- _Aim of the task_
Starting at the first line of the records below, reproduce every line up to and including the line with "#23=PLANE('',#22);", but leave out all pictures.

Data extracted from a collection
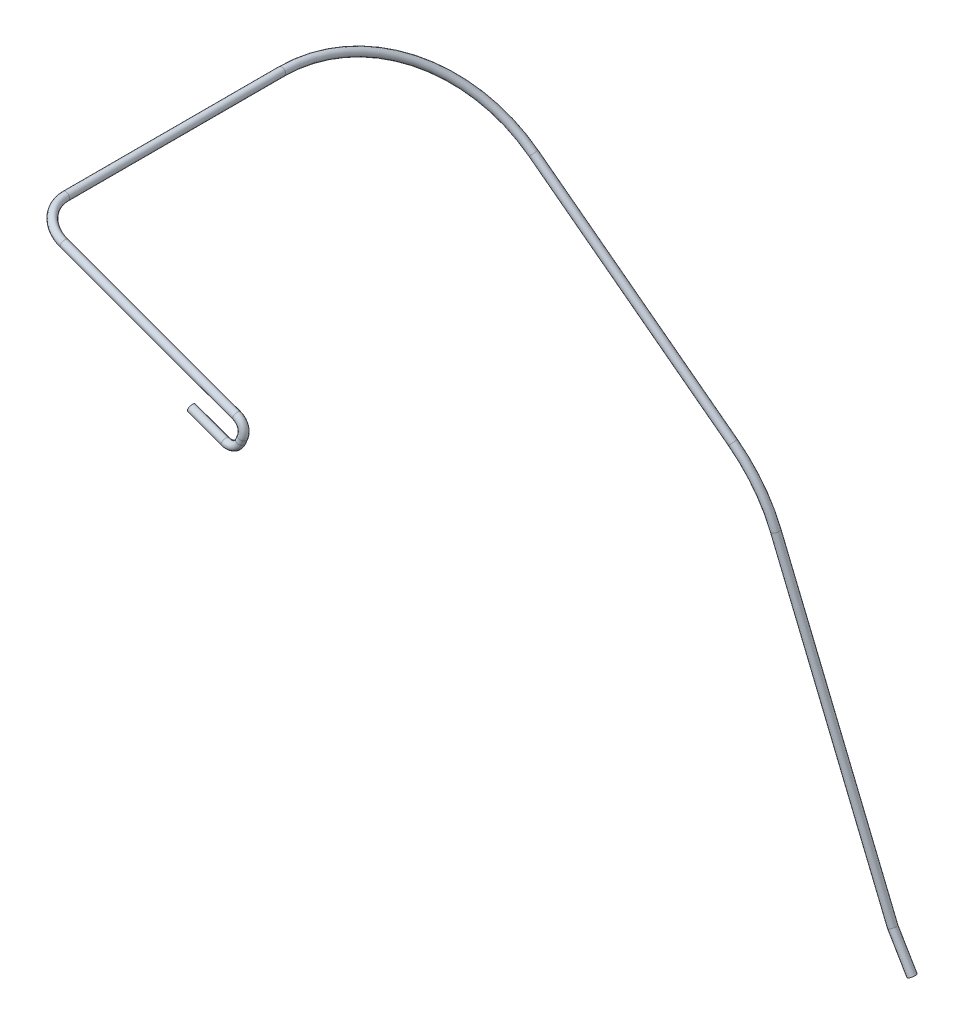
ISO-10303-21;
HEADER;
FILE_DESCRIPTION(('STEP AP214'),'2;1');
FILE_NAME('part.step','',(''),(''),'','','');
FILE_SCHEMA(('AUTOMOTIVE_DESIGN { 1 0 10303 214 1 1 1 1 }'));
ENDSEC;
DATA;
#1=APPLICATION_CONTEXT('core data for automotive mechanical design processes');
#2=APPLICATION_PROTOCOL_DEFINITION('international standard','automotive_design',2000,#1);
#3=PRODUCT_CONTEXT('',#1,'mechanical');
#4=PRODUCT('Part','Part','',(#3));
#5=PRODUCT_RELATED_PRODUCT_CATEGORY('part','',(#4));
#6=PRODUCT_DEFINITION_FORMATION('','',#4);
#7=PRODUCT_DEFINITION_CONTEXT('part definition',#1,'design');
#8=PRODUCT_DEFINITION('design','',#6,#7);
#9=PRODUCT_DEFINITION_SHAPE('','',#8);
#10=(LENGTH_UNIT() NAMED_UNIT(*) SI_UNIT(.MILLI.,.METRE.));
#11=(NAMED_UNIT(*) PLANE_ANGLE_UNIT() SI_UNIT($,.RADIAN.));
#12=(NAMED_UNIT(*) SI_UNIT($,.STERADIAN.) SOLID_ANGLE_UNIT());
#13=UNCERTAINTY_MEASURE_WITH_UNIT(LENGTH_MEASURE(1.E-05),#10,'distance_accuracy_value','');
#14=(GEOMETRIC_REPRESENTATION_CONTEXT(3) GLOBAL_UNCERTAINTY_ASSIGNED_CONTEXT((#13)) GLOBAL_UNIT_ASSIGNED_CONTEXT((#10,
#11,#12)) REPRESENTATION_CONTEXT('',''));
#15=CARTESIAN_POINT('',(0.,0.,0.));
#16=DIRECTION('',(0.,0.,1.));
#17=DIRECTION('',(1.,0.,0.));
#18=AXIS2_PLACEMENT_3D('',#15,#16,#17);
#19=CARTESIAN_POINT('',(345.043830556534,-756.942779989753,-586.820511540821));
#20=DIRECTION('',(-0.467929206614303,0.883139819589406,0.0332613387118007));
#21=DIRECTION('',(-0.883628741448249,-0.468188260517694,0.));
#22=AXIS2_PLACEMENT_3D('',#19,#20,#21);
#23=PLANE('',#22);
#24=CARTESIAN_POINT('',(345.043830556534,-756.942779989753,-586.820511540821));
#25=DIRECTION('',(-0.467929206614303,0.883139819589406,0.0332613387118007));
#26=DIRECTION('',(-0.883628741448249,-0.468188260517694,0.));
#27=AXIS2_PLACEMENT_3D('',#24,#25,#26);
#28=CIRCLE('',#27,4.00000000000004);
#29=CARTESIAN_POINT('',(341.509315590741,-758.815533031824,-586.820511540821));
#30=VERTEX_POINT('',#29);
#31=EDGE_CURVE('E83',#30,#30,#28,.T.);
#32=ORIENTED_EDGE('',*,*,#31,.T.);
#33=EDGE_LOOP('',(#32));
#34=FACE_BOUND('',#33,.T.);
#35=CARTESIAN_POINT('',(345.043830556534,-756.942779989753,-586.820511540821));
#36=DIRECTION('',(-0.467929206614303,0.883139819589406,0.0332613387118007));
#37=DIRECTION('',(-0.883628741448249,-0.468188260517694,0.));
#38=AXIS2_PLACEMENT_3D('',#35,#36,#37);
#39=CIRCLE('',#38,5.00000000000004);
#40=CARTESIAN_POINT('',(340.625686849293,-759.283721292342,-586.820511540821));
#41=VERTEX_POINT('',#40);
#42=EDGE_CURVE('E50',#41,#41,#39,.T.);
#43=ORIENTED_EDGE('',*,*,#42,.F.);
#44=EDGE_LOOP('',(#43));
#45=FACE_BOUND('',#44,.T.);
#46=ADVANCED_FACE('F47',(#34,#45),#23,.F.);
#47=CARTESIAN_POINT('',(-3.33066907387547E-13,-1.11022302462516E-13,0.));
#48=DIRECTION('',(-0.93969262078591,0.342020143325666,0.));
#49=DIRECTION('',(0.324832866004658,0.892470964444532,0.313016272399128));
#50=AXIS2_PLACEMENT_3D('',#47,#48,#49);
#51=PLANE('',#50);
#52=CARTESIAN_POINT('',(-3.33066907387547E-13,-1.11022302462516E-13,0.));
#53=DIRECTION('',(-0.93969262078591,0.342020143325666,0.));
#54=DIRECTION('',(-0.342020143325666,-0.939692620785909,0.));
#55=AXIS2_PLACEMENT_3D('',#52,#53,#54);
#56=CIRCLE('',#55,4.00000000000004);
#57=CARTESIAN_POINT('',(-1.36808057330301,-3.75877048314379,0.));
#58=VERTEX_POINT('',#57);
#59=EDGE_CURVE('E71',#58,#58,#56,.T.);
#60=ORIENTED_EDGE('',*,*,#59,.F.);
#61=EDGE_LOOP('',(#60));
#62=FACE_BOUND('',#61,.T.);
#63=CARTESIAN_POINT('',(-3.33066907387547E-13,-1.11022302462516E-13,0.));
#64=DIRECTION('',(-0.93969262078591,0.342020143325666,0.));
#65=DIRECTION('',(0.324832866004658,0.892470964444532,0.313016272399128));
#66=AXIS2_PLACEMENT_3D('',#63,#64,#65);
#67=CIRCLE('',#66,5.00000000000004);
#68=CARTESIAN_POINT('',(1.62416433002297,4.46235482222259,1.56508136199565));
#69=VERTEX_POINT('',#68);
#70=EDGE_CURVE('E11',#69,#69,#67,.T.);
#71=ORIENTED_EDGE('',*,*,#70,.T.);
#72=EDGE_LOOP('',(#71));
#73=FACE_BOUND('',#72,.T.);
#74=ADVANCED_FACE('F146',(#62,#73),#51,.T.);
#75=CARTESIAN_POINT('',(321.312445977381,-712.153674288312,-585.133637523492));
#76=DIRECTION('',(0.467929206614306,-0.883139819589404,-0.033261338711803));
#77=DIRECTION('',(0.883628741448247,0.468188260517697,0.));
#78=AXIS2_PLACEMENT_3D('',#75,#76,#77);
#79=CYLINDRICAL_SURFACE('',#78,5.00000000000004);
#80=CARTESIAN_POINT('',(321.647370225819,-712.785789010283,-585.157444605231));
#81=DIRECTION('',(0.389753622954663,-0.919780760214602,-0.0457762660421624));
#82=DIRECTION('',(-0.913981240403804,-0.380249150525052,-0.141594052540705));
#83=AXIS2_PLACEMENT_3D('',#80,#81,#82);
#84=ELLIPSE('',#83,5.01909918771678,5.00000000000004);
#85=CARTESIAN_POINT('',(317.06000772452,-714.694297212813,-585.868119199324));
#86=VERTEX_POINT('',#85);
#87=EDGE_CURVE('E62',#86,#86,#84,.T.);
#88=ORIENTED_EDGE('',*,*,#87,.T.);
#89=EDGE_LOOP('',(#88));
#90=FACE_BOUND('',#89,.T.);
#91=ORIENTED_EDGE('',*,*,#42,.T.);
#92=EDGE_LOOP('',(#91));
#93=FACE_BOUND('',#92,.T.);
#94=ADVANCED_FACE('F144',(#90,#93),#79,.T.);
#95=CARTESIAN_POINT('',(-3.33066907387547E-13,-1.11022302462516E-13,0.));
#96=DIRECTION('',(0.939692620785908,-0.342020143325669,0.));
#97=DIRECTION('',(0.342020143325669,0.939692620785908,0.));
#98=AXIS2_PLACEMENT_3D('',#95,#96,#97);
#99=CYLINDRICAL_SURFACE('',#98,5.00000000000004);
#100=CARTESIAN_POINT('',(43.4798706958059,-15.8253787230169,0.));
#101=DIRECTION('',(-0.93969262078591,0.342020143325666,0.));
#102=DIRECTION('',(0.324832866004658,0.892470964444532,0.313016272399128));
#103=AXIS2_PLACEMENT_3D('',#100,#101,#102);
#104=CIRCLE('',#103,5.00000000000004);
#105=CARTESIAN_POINT('',(41.7747755659462,-20.5100890903283,0.382281797282093));
#106=VERTEX_POINT('',#105);
#107=EDGE_CURVE('E54',#106,#106,#104,.T.);
#108=ORIENTED_EDGE('',*,*,#107,.T.);
#109=EDGE_LOOP('',(#108));
#110=FACE_BOUND('',#109,.T.);
#111=ORIENTED_EDGE('',*,*,#70,.F.);
#112=EDGE_LOOP('',(#111));
#113=FACE_BOUND('',#112,.T.);
#114=ADVANCED_FACE('F122',(#110,#113),#99,.T.);
#115=CARTESIAN_POINT('',(48.5951560853853,-1.77124762108241,-1.14684539184631));
#116=DIRECTION('',(0.0261496150194436,0.0718454767933526,0.997072928676068));
#117=DIRECTION('',(0.,-0.997414004020819,0.0718700534517508));
#118=AXIS2_PLACEMENT_3D('',#115,#116,#117);
#119=TOROIDAL_SURFACE('',#118,15.0000000000001,5.00000000000004);
#120=CARTESIAN_POINT('',(62.7095999836149,-6.8488902831555,-1.15113957734297));
#121=DIRECTION('',(-0.337498101469267,-0.938216147035957,0.0764558234907233));
#122=DIRECTION('',(-0.858482241468479,0.340096345750314,0.383852467349811));
#123=AXIS2_PLACEMENT_3D('',#120,#121,#122);
#124=CIRCLE('',#123,5.00000000000004);
#125=CARTESIAN_POINT('',(67.414414616358,-8.54143783717984,-1.15257097250853));
#126=VERTEX_POINT('',#125);
#127=EDGE_CURVE('E59',#126,#126,#124,.T.);
#128=CARTESIAN_POINT('',(48.5951560853853,-1.77124762108241,-1.14684539184631));
#129=DIRECTION('',(0.0261496150194436,0.0718454767933526,0.997072928676068));
#130=DIRECTION('',(0.,-0.997414004020819,0.0718700534517508));
#131=AXIS2_PLACEMENT_3D('',#128,#129,#130);
#132=CIRCLE('',#131,20.0000000000001);
#133=EDGE_CURVE('',#106,#126,#132,.T.);
#134=ORIENTED_EDGE('',*,*,#107,.F.);
#135=ORIENTED_EDGE('',*,*,#127,.T.);
#136=ORIENTED_EDGE('',*,*,#133,.T.);
#137=ORIENTED_EDGE('',*,*,#133,.F.);
#138=EDGE_LOOP('',(#134,#136,#135,#137));
#139=FACE_BOUND('',#138,.T.);
#140=ADVANCED_FACE('F107',(#139),#119,.T.);
#141=CARTESIAN_POINT('',(62.7095999836148,-6.8488902831555,-1.15113957734286));
#142=DIRECTION('',(0.33749810146927,0.938216147035956,-0.0764558234907223));
#143=DIRECTION('',(-0.940970395826116,0.338488868618812,0.));
#144=AXIS2_PLACEMENT_3D('',#141,#142,#143);
#145=CYLINDRICAL_SURFACE('',#144,5.00000000000004);
#146=CARTESIAN_POINT('',(64.7250193505446,-1.24619508318036,-1.60770673048227));
#147=DIRECTION('',(-0.337498101469267,-0.938216147035957,0.0764558234907233));
#148=DIRECTION('',(-0.858482241468479,0.340096345750314,0.383852467349811));
#149=AXIS2_PLACEMENT_3D('',#146,#147,#148);
#150=CIRCLE('',#149,5.00000000000004);
#151=CARTESIAN_POINT('',(69.4298339832879,-2.93874263720474,-1.60913812564779));
#152=VERTEX_POINT('',#151);
#153=EDGE_CURVE('E102',#152,#152,#150,.T.);
#154=ORIENTED_EDGE('',*,*,#153,.T.);
#155=EDGE_LOOP('',(#154));
#156=FACE_BOUND('',#155,.T.);
#157=ORIENTED_EDGE('',*,*,#127,.F.);
#158=EDGE_LOOP('',(#157));
#159=FACE_BOUND('',#158,.T.);
#160=ADVANCED_FACE('F110',(#156,#159),#145,.T.);
#161=CARTESIAN_POINT('',(50.6105754523151,3.83144757889267,-1.60341254498572));
#162=DIRECTION('',(0.0261496150194436,0.0718454767933526,0.997072928676068));
#163=DIRECTION('',(0.,-0.997414004020819,0.0718700534517508));
#164=AXIS2_PLACEMENT_3D('',#161,#162,#163);
#165=TOROIDAL_SURFACE('',#164,15.0000000000001,5.00000000000004);
#166=CARTESIAN_POINT('',(55.7258608418943,17.8855786808271,-2.75025793683226));
#167=DIRECTION('',(0.93969262078591,-0.342020143325666,0.));
#168=DIRECTION('',(-0.304712603921738,-0.837190998698202,0.454160170765711));
#169=AXIS2_PLACEMENT_3D('',#166,#167,#168);
#170=CIRCLE('',#169,5.00000000000004);
#171=CARTESIAN_POINT('',(57.4309559717541,22.5702890481386,-3.13253973411444));
#172=VERTEX_POINT('',#171);
#173=EDGE_CURVE('E99',#172,#172,#170,.T.);
#174=CARTESIAN_POINT('',(50.6105754523151,3.83144757889267,-1.60341254498572));
#175=DIRECTION('',(0.0261496150194436,0.0718454767933526,0.997072928676068));
#176=DIRECTION('',(0.,-0.997414004020819,0.0718700534517508));
#177=AXIS2_PLACEMENT_3D('',#174,#175,#176);
#178=CIRCLE('',#177,20.0000000000002);
#179=EDGE_CURVE('',#152,#172,#178,.T.);
#180=ORIENTED_EDGE('',*,*,#153,.F.);
#181=ORIENTED_EDGE('',*,*,#173,.T.);
#182=ORIENTED_EDGE('',*,*,#179,.T.);
#183=ORIENTED_EDGE('',*,*,#179,.F.);
#184=EDGE_LOOP('',(#180,#182,#181,#183));
#185=FACE_BOUND('',#184,.T.);
#186=ADVANCED_FACE('F112',(#185),#165,.T.);
#187=CARTESIAN_POINT('',(55.7258608418943,17.885578680827,-2.75025793683215));
#188=DIRECTION('',(-0.939692620785908,0.34202014332567,0.));
#189=DIRECTION('',(-0.34202014332567,-0.939692620785908,0.));
#190=AXIS2_PLACEMENT_3D('',#187,#188,#189);
#191=CYLINDRICAL_SURFACE('',#190,5.00000000000004);
#192=CARTESIAN_POINT('',(-167.617948508894,99.1760772921397,-2.75025793683215));
#193=DIRECTION('',(0.93969262078591,-0.342020143325666,0.));
#194=DIRECTION('',(-0.304712603921738,-0.837190998698202,0.454160170765711));
#195=AXIS2_PLACEMENT_3D('',#192,#193,#194);
#196=CIRCLE('',#195,5.00000000000004);
#197=CARTESIAN_POINT('',(-167.617948508894,99.1760772921397,2.249742063168));
#198=VERTEX_POINT('',#197);
#199=EDGE_CURVE('E96',#198,#198,#196,.T.);
#200=ORIENTED_EDGE('',*,*,#199,.T.);
#201=EDGE_LOOP('',(#200));
#202=FACE_BOUND('',#201,.T.);
#203=ORIENTED_EDGE('',*,*,#173,.F.);
#204=EDGE_LOOP('',(#203));
#205=FACE_BOUND('',#204,.T.);
#206=ADVANCED_FACE('F119',(#202,#205),#191,.T.);
#207=CARTESIAN_POINT('',(-167.617948508894,99.1760772921399,-42.750257936832));
#208=DIRECTION('',(-0.342020143325669,-0.939692620785908,0.));
#209=DIRECTION('',(0.939692620785909,-0.342020143325669,0.));
#210=AXIS2_PLACEMENT_3D('',#207,#208,#209);
#211=TOROIDAL_SURFACE('',#210,39.9999999999999,5.00000000000004);
#212=CARTESIAN_POINT('',(-205.20565334033,112.856883025167,-42.7502579368317));
#213=DIRECTION('',(0.,0.,1.));
#214=DIRECTION('',(-0.731483565045148,-0.681859072000103,0.));
#215=AXIS2_PLACEMENT_3D('',#212,#213,#214);
#216=CIRCLE('',#215,5.00000000000004);
#217=CARTESIAN_POINT('',(-209.90411644426,114.566983741795,-42.7502579368317));
#218=VERTEX_POINT('',#217);
#219=EDGE_CURVE('E93',#218,#218,#216,.T.);
#220=CARTESIAN_POINT('',(-167.617948508894,99.1760772921399,-42.750257936832));
#221=DIRECTION('',(-0.342020143325669,-0.939692620785908,0.));
#222=DIRECTION('',(0.939692620785909,-0.342020143325669,0.));
#223=AXIS2_PLACEMENT_3D('',#220,#221,#222);
#224=CIRCLE('',#223,45.);
#225=EDGE_CURVE('',#198,#218,#224,.T.);
#226=ORIENTED_EDGE('',*,*,#199,.F.);
#227=ORIENTED_EDGE('',*,*,#219,.T.);
#228=ORIENTED_EDGE('',*,*,#225,.T.);
#229=ORIENTED_EDGE('',*,*,#225,.F.);
#230=EDGE_LOOP('',(#226,#228,#227,#229));
#231=FACE_BOUND('',#230,.T.);
#232=ADVANCED_FACE('F182',(#231),#211,.T.);
#233=CARTESIAN_POINT('',(-205.20565334033,112.856883025166,-42.7502579368316));
#234=DIRECTION('',(0.,0.,-1.));
#235=DIRECTION('',(-1.,0.,0.));
#236=AXIS2_PLACEMENT_3D('',#233,#234,#235);
#237=CYLINDRICAL_SURFACE('',#236,5.00000000000004);
#238=CARTESIAN_POINT('',(-205.20565334033,112.856883025167,-322.093656878126));
#239=DIRECTION('',(0.,0.,1.));
#240=DIRECTION('',(-0.731483565045147,-0.681859072000103,0.));
#241=AXIS2_PLACEMENT_3D('',#238,#239,#240);
#242=CIRCLE('',#241,5.00000000000004);
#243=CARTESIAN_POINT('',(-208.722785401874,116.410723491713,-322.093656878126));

- _Written answer_
ISO-10303-21;
HEADER;
FILE_DESCRIPTION(('STEP AP214'),'2;1');
FILE_NAME('part.step','',(''),(''),'','','');
FILE_SCHEMA(('AUTOMOTIVE_DESIGN { 1 0 10303 214 1 1 1 1 }'));
ENDSEC;
DATA;
#1=APPLICATION_CONTEXT('core data for automotive mechanical design processes');
#2=APPLICATION_PROTOCOL_DEFINITION('international standard','automotive_design',2000,#1);
#3=PRODUCT_CONTEXT('',#1,'mechanical');
#4=PRODUCT('Part','Part','',(#3));
#5=PRODUCT_RELATED_PRODUCT_CATEGORY('part','',(#4));
#6=PRODUCT_DEFINITION_FORMATION('','',#4);
#7=PRODUCT_DEFINITION_CONTEXT('part definition',#1,'design');
#8=PRODUCT_DEFINITION('design','',#6,#7);
#9=PRODUCT_DEFINITION_SHAPE('','',#8);
#10=(LENGTH_UNIT() NAMED_UNIT(*) SI_UNIT(.MILLI.,.METRE.));
#11=(NAMED_UNIT(*) PLANE_ANGLE_UNIT() SI_UNIT($,.RADIAN.));
#12=(NAMED_UNIT(*) SI_UNIT($,.STERADIAN.) SOLID_ANGLE_UNIT());
#13=UNCERTAINTY_MEASURE_WITH_UNIT(LENGTH_MEASURE(1.E-05),#10,'distance_accuracy_value','');
#14=(GEOMETRIC_REPRESENTATION_CONTEXT(3) GLOBAL_UNCERTAINTY_ASSIGNED_CONTEXT((#13)) GLOBAL_UNIT_ASSIGNED_CONTEXT((#10,
#11,#12)) REPRESENTATION_CONTEXT('',''));
#15=CARTESIAN_POINT('',(0.,0.,0.));
#16=DIRECTION('',(0.,0.,1.));
#17=DIRECTION('',(1.,0.,0.));
#18=AXIS2_PLACEMENT_3D('',#15,#16,#17);
#19=CARTESIAN_POINT('',(345.043830556534,-756.942779989753,-586.820511540821));
#20=DIRECTION('',(-0.467929206614303,0.883139819589406,0.0332613387118007));
#21=DIRECTION('',(-0.883628741448249,-0.468188260517694,0.));
#22=AXIS2_PLACEMENT_3D('',#19,#20,#21);
#23=PLANE('',#22);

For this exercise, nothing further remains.